How are you getting the transcriptions for recordings?

JunjieLl commented 9 months ago

How are you getting the transcriptions for recordings?

Maybe Libriheavy is a good choice

JunjieLl commented 9 months ago

So I considered training VALL-E using the librilight dataset. After downloading, I processed similar to LJSpeech:

lhotse prepare librilight -j 16 download data/manifests

However, when I try to do Tokenization, I instantly hit OOM, no matter which batch duration I use. This is how I call the tokenizer:

python3 bin/tokenizer.py --dataset-parts "small medium large" --audio-extractor Encodec --batch-duration 400 --src-dir "data/manifests" --output-dir "data/tokenized" --prefix "librilight"

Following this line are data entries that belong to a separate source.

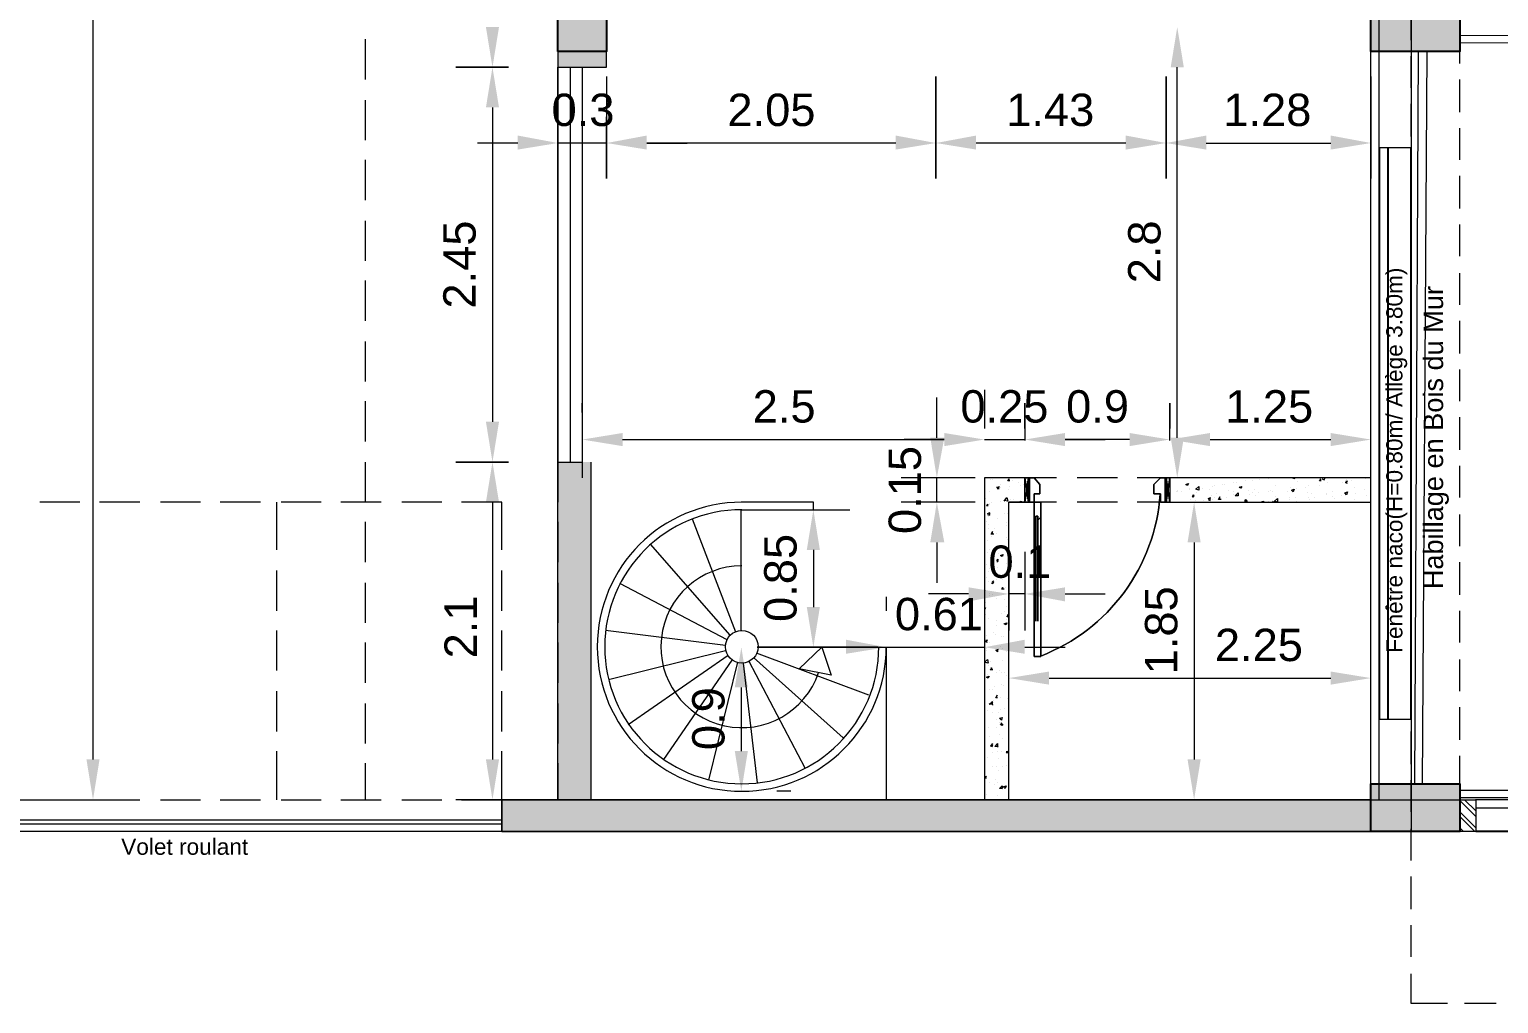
# Model space of a CAD drawing. Header units: metres. Extents: x 9.8 to 52.5, y 3 to 36.6.
# Drawn here: x 21.33 to 30.46, y 4.58 to 10.64 of the extents above; entities that cross this region are included whole.
import ezdxf

# ---------------------------------------------------------------- set-up
doc = ezdxf.new("R2010")
doc.units = ezdxf.units.M
doc.header["$MEASUREMENT"] = 0
for name, color, linetype, true_color in [('PDF_A+CACHE', 7, 'Continuous', 0x991b1e), ('PDF_A- PROJECTION', 252, 'Continuous', 0x696969), ('PDF_AA-HATCH', 7, 'Continuous', 0x525252), ('PDF_LAY-LINES', 7, 'Continuous', 0x939598), ('PDF_Layer3', 7, 'Continuous', 0xcc0000), ('PDF_RC i&d', 252, 'Continuous', 0x696969)]:
    doc.layers.add(name, color=color, linetype=linetype, true_color=true_color)
for name, color, linetype in [('PDF_A- DOORS AND WINDOWS', 7, 'Continuous'), ('PDF_A- STAIRS', 7, 'Continuous'), ('PDF_A- WALL', 7, 'Continuous'), ('PDF_A- WOOD', 7, 'Continuous'), ('PDF_A-FURNITURE', 7, 'Continuous'), ('PDF_BETON', 7, 'Continuous'), ('PDF_COTESCONSTRUCTION', 7, 'Continuous'), ('PDF_INTERIORWALL', 7, 'Continuous'), ('PDF_Text', 7, 'Continuous'), ('PDF_VETRATA', 7, 'Continuous')]:
    doc.layers.add(name, color=color, linetype=linetype)
doc.styles.add('PDF ArialMT', font='arial.ttf')

msp = doc.modelspace()

# ---------------------------------------------------------------- linework, layer by layer
at = {"layer": 'PDF_A+CACHE', "lineweight": 5}
for points in [[(23.4169, 10.575), (23.4169, 10.3251)], [(24.6143, 10.575), (24.6143, 10.3251)], [(23.4169, 10.1972), (23.4169, 9.9473)], [(24.6143, 10.1972), (24.6143, 9.9473)], [(23.4169, 9.8252), (23.4169, 9.5753)], [(24.6143, 9.8252), (24.6143, 9.5753)], [(23.4169, 9.4474), (23.4169, 9.1975)], [(24.6143, 9.4474), (24.6143, 9.1975)], [(23.4169, 9.0754), (23.4169, 8.8255)], [(24.6143, 9.0754), (24.6143, 8.8255)], [(23.4169, 8.6976), (23.4169, 8.4476)], [(24.6143, 8.6976), (24.6143, 8.4476)], [(23.4169, 8.3256), (23.4169, 8.0756)], [(24.6143, 8.3256), (24.6143, 8.0756)], [(23.4169, 7.9478), (23.4169, 7.6978)], [(24.6143, 7.9478), (24.6143, 7.6978)], [(23.4169, 7.5758), (23.4169, 7.3258)], [(24.6143, 7.5758), (24.6143, 7.3258)], [(23.4169, 7.1979), (23.4169, 6.948)], [(24.6143, 7.1979), (24.6143, 6.948)], [(23.4169, 6.8259), (23.4169, 6.576)], [(24.6143, 6.8259), (24.6143, 6.576)], [(23.4169, 6.4481), (23.4169, 6.1982)], [(24.6143, 6.4481), (24.6143, 6.1982)], [(23.4169, 6.0761), (23.4169, 5.8494)], [(24.6143, 6.0761), (24.6143, 5.8494)]]:
    msp.add_lwpolyline(points, dxfattribs=at)
at = {"layer": 'PDF_A- DOORS AND WINDOWS', "lineweight": 13}
msp.add_lwpolyline([(24.6143, 10.4007), (24.6143, 7.9478)], close=True, dxfattribs=at)
for points in [[(24.6899, 10.4007), (24.6899, 7.9478)], [(24.7654, 10.4007), (24.7654, 7.9478)]]:
    msp.add_lwpolyline(points, dxfattribs=at)
at = {"layer": 'PDF_A- DOORS AND WINDOWS', "color": 153, "lineweight": 25, "true_color": 0x5ca5e0}
for points in [[(29.7177, 9.9008), (29.7177, 6.3493)], [(29.77, 9.9008), (29.77, 6.3493)]]:
    msp.add_lwpolyline(points, dxfattribs=at)
at = {"layer": 'PDF_A- PROJECTION', "lineweight": 9}
for points in [[(29.9154, 10.5692), (29.9154, 10.7727)], [(29.6654, 10.4007), (29.6654, 10.5983)], [(30.2176, 10.4239), (30.2176, 10.6215)], [(29.9154, 10.2728), (29.9154, 10.4704)], [(30.2176, 10.1217), (30.2176, 10.3251)], [(29.6654, 10.0984), (29.6654, 10.3019)], [(29.9154, 9.9705), (29.9154, 10.174)], [(29.6654, 9.802), (29.6654, 9.9996)], [(30.2176, 9.8252), (30.2176, 10.0229)], [(29.9154, 9.6741), (29.9154, 9.8717)], [(29.6654, 9.4997), (29.6654, 9.6973)], [(30.2176, 9.523), (30.2176, 9.7264)], [(29.9154, 9.3718), (29.9154, 9.5695)], [(30.2176, 9.2265), (30.2176, 9.4242)], [(29.6654, 9.1975), (29.6654, 9.4009)], [(29.9154, 9.0696), (29.9154, 9.273)], [(29.6654, 8.901), (29.6654, 9.0987)], [(30.2176, 8.9243), (30.2176, 9.1219)], [(29.9154, 8.7732), (29.9154, 8.9708)], [(29.6654, 8.5988), (29.6654, 8.7964)], [(30.2176, 8.622), (30.2176, 8.8255)], [(29.9154, 8.4709), (29.9154, 8.6685)], [(29.6654, 8.2965), (29.6654, 8.5)], [(30.2176, 8.3256), (30.2176, 8.5232)], [(29.9154, 8.1686), (29.9154, 8.3721)], [(30.2176, 8.0233), (30.2176, 8.2268)], [(29.6654, 8.0001), (29.6654, 8.1977)], [(29.9154, 7.8722), (29.9154, 8.0698)], [(29.6654, 7.6978), (29.6654, 7.9013)], [(30.2176, 7.7269), (30.2176, 7.9245)], [(29.9154, 7.57), (29.9154, 7.7734)], [(29.6654, 7.4014), (29.6654, 7.599)], [(30.2176, 7.4246), (30.2176, 7.6223)], [(29.9154, 7.2735), (29.9154, 7.4711)], [(30.2176, 7.1224), (30.2176, 7.3258)], [(29.6654, 7.0991), (29.6654, 7.2968)], [(29.9154, 6.9713), (29.9154, 7.1689)], [(29.6654, 6.7969), (29.6654, 7.0003)], [(30.2176, 6.8259), (30.2176, 7.0236)], [(29.9154, 6.669), (29.9154, 6.8724)], [(29.6654, 6.5004), (29.6654, 6.6981)], [(30.2176, 6.5237), (30.2176, 6.7213)], [(29.9154, 6.3726), (29.9154, 6.5702)], [(29.6654, 6.1982), (29.6654, 6.4016)], [(30.2176, 6.2214), (30.2176, 6.4249)], [(29.9154, 6.0703), (29.9154, 6.2737)], [(30.2176, 5.9482), (30.2176, 6.1226)], [(29.6654, 5.9482), (29.6654, 6.0994)], [(29.9154, 5.7739), (29.9154, 5.9715)], [(29.9154, 5.4716), (29.9154, 5.6692)], [(29.9154, 5.1694), (29.9154, 5.3728)], [(29.9154, 4.8729), (29.9154, 5.0705)], [(30.142, 4.5823), (29.9154, 4.5823), (29.9154, 4.7683)], [(30.4443, 4.5823), (30.2467, 4.5823)]]:
    msp.add_lwpolyline(points, dxfattribs=at)
at = {"layer": 'PDF_A- STAIRS', "lineweight": 18}
for points in [[(25.7536, 6.9015), (25.7536, 7.6513), (26.2011, 7.6513), (26.2011, 7.6978), (25.7536, 7.6978)], [(25.7187, 6.8899), (25.4513, 7.5932)], [(25.6838, 6.8724), (25.1897, 7.4363)], [(25.6664, 6.8434), (24.9979, 7.1921)], [(25.6547, 6.8085), (24.9107, 6.9015)], [(25.6547, 6.7736), (24.9282, 6.5934)], [(25.8466, 6.762), (26.5441, 6.5004)], [(25.8524, 6.7969), (26.6545, 6.7969), (26.6545, 5.8494)], [(25.6722, 6.7446), (25.0502, 6.3144)], [(25.6954, 6.7155), (25.2711, 6.0994)], [(25.7303, 6.7039), (25.5501, 5.9715)], [(25.7652, 6.6981), (25.8524, 5.9541)], [(25.8001, 6.7097), (26.1488, 6.0471)], [(25.8291, 6.7329), (26.3871, 6.2331)]]:
    msp.add_lwpolyline(points, dxfattribs=at)
for points in [[(26.6022, 6.7969), (25.8524, 6.7969)], [(26.3116, 6.6225), (26.1139, 6.6632), (26.2534, 6.7969)]]:
    msp.add_lwpolyline(points, close=True, dxfattribs=at)
msp.add_circle((25.7565, 6.7998), 0.1017, dxfattribs=at)
for radius, start, end in [(0.898, 89.99997, 359.99997), (0.8515, 90.00001, 359.99999), (0.5028, 90.00007, 341.43312)]:
    msp.add_arc((25.7565, 6.7998), radius, start, end, dxfattribs=at)
at = {"layer": 'PDF_A- WALL', "lineweight": 5}
for points in [[(29.9154, 13.5511), (29.9154, 9.9008), (29.7177, 9.9008), (29.7177, 13.5511)], [(29.7177, 9.9008), (29.7177, 10.4995), (29.9154, 10.4995), (29.9154, 9.9008)], [(29.9154, 6.3493), (29.9154, 5.9482), (29.7177, 5.9482), (29.7177, 6.3493)], [(30.3164, 5.6518), (24.2655, 5.6518), (24.2655, 5.8494), (30.3164, 5.8494)], [(24.2655, 5.8494), (24.2655, 5.6518), (29.6654, 5.6518), (29.6654, 5.8494)]]:
    msp.add_lwpolyline(points, close=True, dxfattribs=at)
msp.add_lwpolyline([(29.7177, 5.8494), (29.7177, 6.3493), (29.9154, 6.3493), (29.9154, 5.6518)], dxfattribs=at)
at = {"layer": 'PDF_A- WALL', "transparency": 33554559}
for points in [[(29.6654, 5.8494), (24.2655, 5.8494), (29.6654, 5.6518)], [(24.2655, 5.8494), (29.6654, 5.6518), (24.2655, 5.6518)]]:
    msp.add_solid(points, dxfattribs=at)
at = {"layer": 'PDF_A- WOOD', "lineweight": 5}
for points in [[(27.5148, 7.849), (27.538, 7.6978), (27.538, 7.849), (27.5148, 7.6978), (27.5729, 7.6978), (27.5729, 7.7501), (27.6078, 7.7501), (27.6078, 7.8083), (27.5729, 7.849)], [(27.5148, 7.849), (27.5729, 7.849), (27.6078, 7.8083), (27.6078, 7.7501), (27.5729, 7.7501), (27.5729, 7.6978), (27.5148, 7.6978), (27.538, 7.849), (27.538, 7.6978)], [(27.5438, 7.849), (27.5438, 7.6978)], [(27.5438, 7.849), (27.5438, 7.6978)], [(28.4157, 7.849), (28.4157, 7.6978), (28.3925, 7.849), (28.3925, 7.6978), (28.4157, 7.849), (28.3925, 7.6978), (28.3925, 7.849), (28.4157, 7.6978), (28.3925, 7.849), (28.3925, 7.6978), (28.4157, 7.849), (28.3576, 7.849), (28.3169, 7.8083), (28.3169, 7.7501), (28.3576, 7.7501), (28.3576, 7.6978), (28.4157, 7.6978), (28.3576, 7.6978), (28.4157, 7.6978), (28.3576, 7.6978), (28.3576, 7.7501), (28.3169, 7.7501), (28.3169, 7.8083), (28.3576, 7.849), (28.4157, 7.849), (28.3576, 7.849), (28.3169, 7.8083), (28.3169, 7.7501), (28.3576, 7.7501), (28.3576, 7.6978), (28.4157, 7.6978), (28.3576, 7.6978), (28.4157, 7.6978), (28.3576, 7.6978), (28.3576, 7.7501), (28.3169, 7.7501), (28.3169, 7.8083), (28.3576, 7.849)], [(28.3867, 7.849), (28.3867, 7.6978)], [(28.3867, 7.849), (28.3867, 7.6978)], [(28.3925, 7.6978), (28.3925, 7.849), (28.4157, 7.6978), (28.3925, 7.849), (28.3925, 7.6978), (28.4157, 7.849)], [(27.6136, 6.7388), (27.5729, 6.7388), (27.5729, 7.6978), (27.6136, 7.6978)], [(27.6136, 6.7388), (27.5729, 6.7388), (27.5729, 7.6978), (27.6136, 7.6978)], [(27.6136, 6.7388), (27.6136, 7.6978), (27.5729, 7.6978), (27.5729, 6.7388)], [(27.5729, 7.6048), (27.5845, 7.5874)], [(27.5729, 7.6048), (27.5845, 7.5874)], [(27.5845, 7.6106), (27.5961, 7.6106)], [(27.6136, 7.6048), (27.5961, 7.5874)], [(27.6136, 7.6048), (27.5961, 7.5874)]]:
    msp.add_lwpolyline(points, close=True, dxfattribs=at)
for points in [[(27.5148, 7.849), (27.538, 7.6978), (27.538, 7.849), (27.5148, 7.6978), (27.5729, 7.6978), (27.5729, 7.7501), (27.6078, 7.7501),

I suspect there is either some issue with the data format, or the tokenizer tries to store the whole dataset in memory for some reason.

Did anyone encounter this, too, and knows about a potential fix ?

Sorry to disturb. Actually I'm reproducing valle with Libriheavy, an alternative of LibriLight with text labels. This dataset has provided lhotse manifest for segmented audios, but I'm still encountering OOM(RAM) error. Is there any details I didn't notice.

mubtasimahasan commented 1 month ago

@JunjieLl Hi, I'm facing the same issue, were you able to find a solution for the OOM (RAM) error? Any tips would be appreciated. Thanks!